According to Nima Sanandaji, at the end of 2017, 643,000 individuals in Sweden were fully covered by private health insurance, which is 6.5% of the population of Sweden. This is an increase of over half a million fully covered by private health insurance compared to 2000.
The Swedish health system is mainly effective but there are some problems within the system. Increased access to primary care is one issue that arises. Most citizens in Sweden go to the hospital for routine check ups. Primary care needs to be made more readily accessible to Swedes instead of them going to hospitals for minor health needs. Another issue is Swedish emergency units are below the minimum safe size[vague]. The decentralized healthcare system in Sweden leads to this inefficiency, because of decentralization the counties are granted an extreme amount of flexibility. The coordination between counties and municipalities is affected because of this constant shifting and flexibility.
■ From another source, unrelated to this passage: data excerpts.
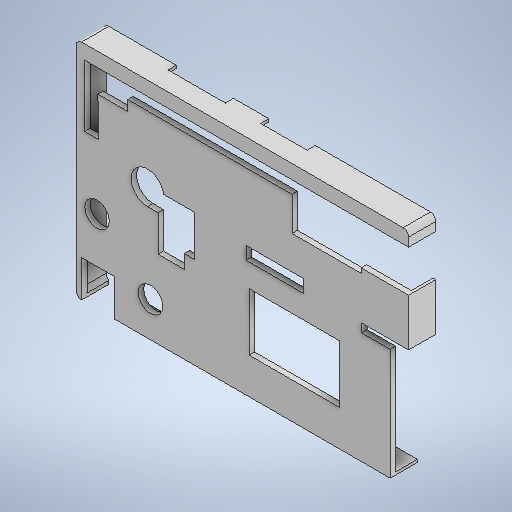
# Autodesk Inventor part: tampa_KiiRA
Saved by Autodesk Inventor 2026.3 (Build 303398000, 398)
## iProperties
Created: 2026-05-20
Part Number: tampa_KiiRA
Material: Genérico
Document SubType Name: Modeling
Designer: franciscowilke
Density: 1 g/cm^3
Appearance: Padrão
Author: franciscowilke
Autodesk Inventor part; units mm, degrees
ref_plane "YZ Plane" through (0, 0, 0) normal (1, 0, 0) x (0, 1, 0)
ref_plane "XZ Plane" through (0, 0, 0) normal (0, 1, 0) x (-1, 0, 0)
ref_plane "XY Plane" through (0, 0, 0) normal (0, 0, 1) x (1, 0, 0)
sketch "Esboço2" plane through (0, 0, 0) normal (0, 0, 1) x (1, 0, 0)
  line L0 (60.2596, 45.3747) -> (-61.7404, 45.3747)
  line L1 (-61.7404, 45.3747) -> (-61.7404, -36.6253)
  line L2 (-61.7404, -36.6253) -> (60.2596, -36.6253)
  line L3 (60.2596, -36.6253) -> (60.2596, 45.3747)
  line L4 (60.2596, 45.3747) -> (-61.7404, -36.6253) construction
  line L5 (-61.7404, 45.3747) -> (60.2596, -36.6253) construction
  point P0 (0, 0)
  dimension "d9" = 122
  dimension "d10" = 82
  constraints: 12 end point, 2 parallel, 1 horizontal, 1 perpendicular
  measures "d9" distance of L2.end L1.end
  measures "d10" distance of L1.end L0.end
extrude "Extrusão6" add sketch "Esboço2" against normal blind 10
sketch "Esboço11" plane through (0, 0, -10) normal (0, 0, -1) x (-1, 0, 0)
  line L0 (61.7404, -36.6253) -> (61.7404, 45.3747) construction
  line L1 (61.7404, 45.3747) -> (-60.2596, 45.3747) construction
  line L2 (-60.2596, 45.3747) -> (-60.2596, -36.6253) construction
  line L3 (-60.2596, -36.6253) -> (61.7404, -36.6253) construction
  line L4 (-60.2596, 45.3747) -> (61.7404, 45.3747)
  line L5 (61.7404, 45.3747) -> (61.7404, -36.6253)
  line L6 (61.7404, -36.6253) -> (-60.2596, -36.6253)
  line L7 (-60.2596, -36.6253) -> (-60.2596, 45.3747)
  line L8 (-59.2596, 44.3747) -> (60.7404, 44.3747)
  line L9 (60.7404, 44.3747) -> (60.7404, -35.6253)
  line L10 (60.7404, -35.6253) -> (-59.2596, -35.6253)
  line L11 (-59.2596, -35.6253) -> (-59.2596, 44.3747)
  point P0 (0, 0)
  dimension "d193" = 1
  constraints: 16 end point, 2 parallel, 1 horizontal, 1 perpendicular, 3 other
  measures "d193" distance between parallel lines of L1 L8
extrude "Extrusão8" cut sketch "Esboço11" against normal blind 8 contours L8 L9 L10 L11
sketch "Esboço4" plane through (0, 0, 0) normal (0, 0, 1) x (1, 0, 0)
  line L0 (17.4884, 35.5958) -> (-42.7686, 35.5958)
  line L1 (-58.5771, 17.7849) -> (-58.5771, -38.6492)
  line L2 (-58.5771, -38.6492) -> (53.4957, -38.6492)
  line L3 (-42.7686, 35.5958) -> (-42.7553, 31.7928)
  line L4 (-42.7553, 31.7928) -> (-53.7553, 31.7928)
  line L5 (-53.5771, 17.5439) -> (-53.7553, 31.7928)
  line L6 (34.9957, -23.3992) -> (1.7457, -23.3992)
  line L7 (1.7457, -23.3992) -> (1.7457, -2.2492)
  line L8 (1.7457, -2.2492) -> (34.9957, -2.2492)
  line L9 (34.9957, -2.2492) -> (34.9957, -23.3992)
  line L10 (53.4957, -38.6492) -> (53.4957, 4.3508)
  line L11 (53.4957, 4.3508) -> (43.0999, 4.3508)
  line L12 (43.0999, 4.3508) -> (43.0999, 7.5008)
  line L13 (21.6723, 6.2251) -> (0.6723, 6.2251)
  line L14 (0.6723, 6.2251) -> (0.6723, 10.9251)
  line L15 (0.6723, 10.9251) -> (21.6723, 10.9251)
  line L16 (21.6723, 10.9251) -> (21.6723, 6.2251)
  line L17 (-18.3453, -3.0069) -> (-22.0953, -3.0069)
  line L18 (-22.0953, -3.0069) -> (-22.0953, -8.0069)
  line L19 (-22.0953, -8.0069) -> (-31.6953, -8.0069)
  line L20 (-31.6953, -8.0069) -> (-31.6953, 5.1431)
  arc A0 (-29.6237, 11.9931) -> (-35.5632, 5.1431) centre (-35.5632, 11.1431) ccw
  line L21 (17.4884, 23.1519) -> (42.8384, 23.1519)
  line L22 (42.8384, 23.1519) -> (42.8384, 24.9019)
  circle A1 centre (-54.0634, -6.5069) radius 4.5
  circle A2 centre (-34.4514, -23.7569) radius 4.5
  line L23 (-34.4514, -23.7569) -> (-34.4514, -38.7569)
  line L24 (-34.4514, -23.7569) -> (-58.8894, -23.7569)
  line L25 (-54.0634, -6.5069) -> (-54.0634, -38.7569)
  line L26 (-54.0634, -6.5069) -> (-58.8894, -6.5069)
  line L27 (-35.5632, 11.1431) -> (-35.5632, -38.1569)
  line L28 (-35.5632, 11.1431) -> (-58.8892, 11.1431)
  line L29 (-18.3453, -3.0069) -> (-18.3453, 11.9931)
  line L30 (-18.3453, 11.9931) -> (-29.6237, 11.9931)
  line L31 (-35.5632, 5.1431) -> (-31.6953, 5.1431)
  line L32 (-58.5771, -38.6492) -> (58.6039, -38.6492)
  line L33 (-58.5771, 37.6428) -> (-58.5771, -38.6492)
  line L34 (17.4884, 23.1519) -> (17.4884, 35.5958)
  line L35 (42.8384, 24.9019) -> (61.4724, 24.9019)
  line L36 (43.0999, 7.5008) -> (61.4229, 7.5008)
  line L37 (-53.5771, 17.5439) -> (-58.5771, 17.5428)
  line L38 (58.6039, -38.6492) -> (58.6039, -28.6492)
  line L39 (-61.7404, -36.6253) -> (-61.7404, 45.3747) construction
  line L40 (-58.5771, -38.6492) -> (-58.5771, 40.1798)
  line L41 (-58.5771, 40.1798) -> (61.4229, 40.1798)
  line L42 (61.4229, 40.1798) -> (61.4229, -38.6492)
  line L43 (61.4229, -38.6492) -> (-58.5771, -38.6492)
  point P0 (0, 0)
  point P1 (53.4957, -38.6492)
  point P2 (53.4957, -38.6492)
  point P3 (61.4229, 24.9019)
  dimension "d101" = 33.25
  dimension "d102" = 21.15
  dimension "d109" = 15.25
  dimension "d132" = 43
  dimension "d139" = 3.15
  dimension "d146" = 21
  dimension "d147" = 4.7
  dimension "d152" = 3.75
  dimension "d153" = 5
  dimension "d154" = 9.6
  dimension "d172" = 9
  dimension "d173" = 9
  dimension "d176" = 3.803
  dimension "d180" = 60.257
  dimension "d184" = 6
  dimension "d199" = 32.25
  dimension "d200" = 4.826
  dimension "d201" = 23.326
  dimension "d205" = 15
  dimension "d206" = 13.15
  dimension "d214" = 12.4439
  dimension "d215" = 25.35
  dimension "d219" = 11
  dimension "d220" = 18.5
  dimension "d221" = 10
  dimension "d222" = 78.829
  dimension "d223" = 120
  dimension "d224" = 15
  dimension "d225" = 1.75
  dimension "d226" = 14.25
  dimension "d227" = 5
  constraints: 86 end point, 6 horizontal, 6 perpendicular, 4 parallel, 3 centre point, 3 point on line, 3 vertical, 2 point on circle, 1 collinear, 1 tangent
  measures "d101" distance of L7.end L8.end
  measures "d102" distance of L6.end L7.end
  measures "d109" distance between parallel lines of L2 L6
  measures "d132" distance of L2.end L10.end
  measures "d139" distance of L11.end L12.end
  measures "d146" distance of L14.end L15.end
  measures "d147" distance of L13.end L14.end
  measures "d152" distance of L17.start L17.end
  measures "d153" distance of L17.end L18.end
  measures "d154" distance of L18.end L19.end
  measures "d172" diameter of A1
  measures "d173" diameter of A2
  measures "d176" distance of L0.end L3.end
  measures "d180" distance of L0.start L0.end
  measures "d184" radius of A0
  measures "d199" distance of L25.start L25.end
  measures "d200" distance of L25.start L26.end
  measures "d201" distance of L27.start L28.end
  measures "d205" distance of L17.start L29.end
  measures "d206" distance of L19.end L20.end
  measures "d214" distance of L21.start L0.start
  measures "d215" distance of L21.start L21.end
  measures "d219" distance of L3.end L4.end
  measures "d220" distance between parallel lines of L10 L9
  measures "d221" distance of L32.end L38.end
  measures "d222" distance of L1.end L40.end
  measures "d223" distance of L40.end L41.end
  measures "d224" distance of L23.start L23.end
  measures "d225" distance of L21.end L22.end
  measures "d226" distance of L5.start L4.end
  measures "d227" distance of L5.start L37.end
fillet "Arredondamento3" radius 2 8 edges at (-60.7404, 44.3747, -6) (60.2596, -36.6253, -5) (-61.7404, -36.6253, -5) (-60.7404, -35.6253, -6) (-61.7404, 45.3747, -5) (60.2596, 45.3747, -5) (59.2596, 44.3747, -6) (59.2596, -35.6253, -6)
extrude "Extrusão10" cut sketch "Esboço4" against normal blind 20 contours L0 L3 L4 L5 L37 L1 L33 L40 L41 L42 L35 L22 L21 L34 | L42 L43 L32 L10 L11 L12 L36 | L28 L27 A0 | A0 L30 L29 L17 L18 L19 L20 L31 L27 L28 | L26 L25 A1 | A1 L25 L26 | L27 L24 A2 | A2 L23 L24 L27 | L24 L27 A2 | L24 L23 A2 L27 | L6 L7 L8 L9 | L13 L14 L15 L16
sketch "Esboço12" plane through (-59.7404, -36.6253, -10) normal (0, -1, 0) x (1, 0, 0)
  line L0 (113.2361, 0) -> (0, 0) construction
  line L1 (0, 10) -> (12, 10)
  line L2 (12, 10) -> (12, 0)
  line L3 (12, 0) -> (0, 0)
  line L4 (0, 0) -> (0, 10)
  point P0 (59.7404, 10)
  dimension "d230" = 12
  constraints: 8 end point, 2 parallel, 1 horizontal, 1 perpendicular, 1 point on line
  measures "d230" distance of L2.end L3.end
extrude "Extrusão11" cut sketch "Esboço12" against normal blind 13.5
sketch "Esboço13" plane through (-59.7404, 45.3747, 0) normal (0, 1, 0) x (1, 0, 0)
  line L0 (0, 10) -> (118, 10) construction
  line L1 (45.7717, 10) -> (24.7717, 10)
  line L2 (24.7717, 10) -> (24.7717, 7)
  line L3 (24.7717, 7) -> (45.7717, 7)
  line L4 (45.7717, 7) -> (45.7717, 10)
  line L5 (12, 10) -> (113.2361, 10) construction
  line L6 (58.7717, 10) -> (75.7717, 10)
  line L7 (75.7717, 10) -> (75.7717, 7)
  line L8 (75.7717, 7) -> (58.7717, 7)
  line L9 (58.7717, 7) -> (58.7717, 10)
  point P0 (59.7404, 0)
  point P1 (71.7717, 10)
  dimension "d233" = 21
  dimension "d235" = 3
  dimension "d241" = 17
  dimension "d243" = 3
  dimension "d244" = 13
  constraints: 16 end point, 4 parallel, 2 horizontal, 2 perpendicular, 2 point on line
  measures "d233" distance of L3.end L2.end
  measures "d235" distance of L3.end L1.start
  measures "d241" distance of L7.end L8.end
  measures "d243" distance of L8.end L6.start
  measures "d244" distance of L1.start L6.start
extrude "Extrusão12" cut sketch "Esboço13" against normal blind 18

In recent years the health care system of Sweden has been heavily criticized for not providing the same quality of health care to all Swedish citizens. This was especially brought to light during the COVID-19 pandemic as Swedish media and public health researchers pointed out that Swedish citizens of other ethnicities than Swedish and people living in working class areas were dying from COVID-19 at a significantly higher rate than the rest of the population.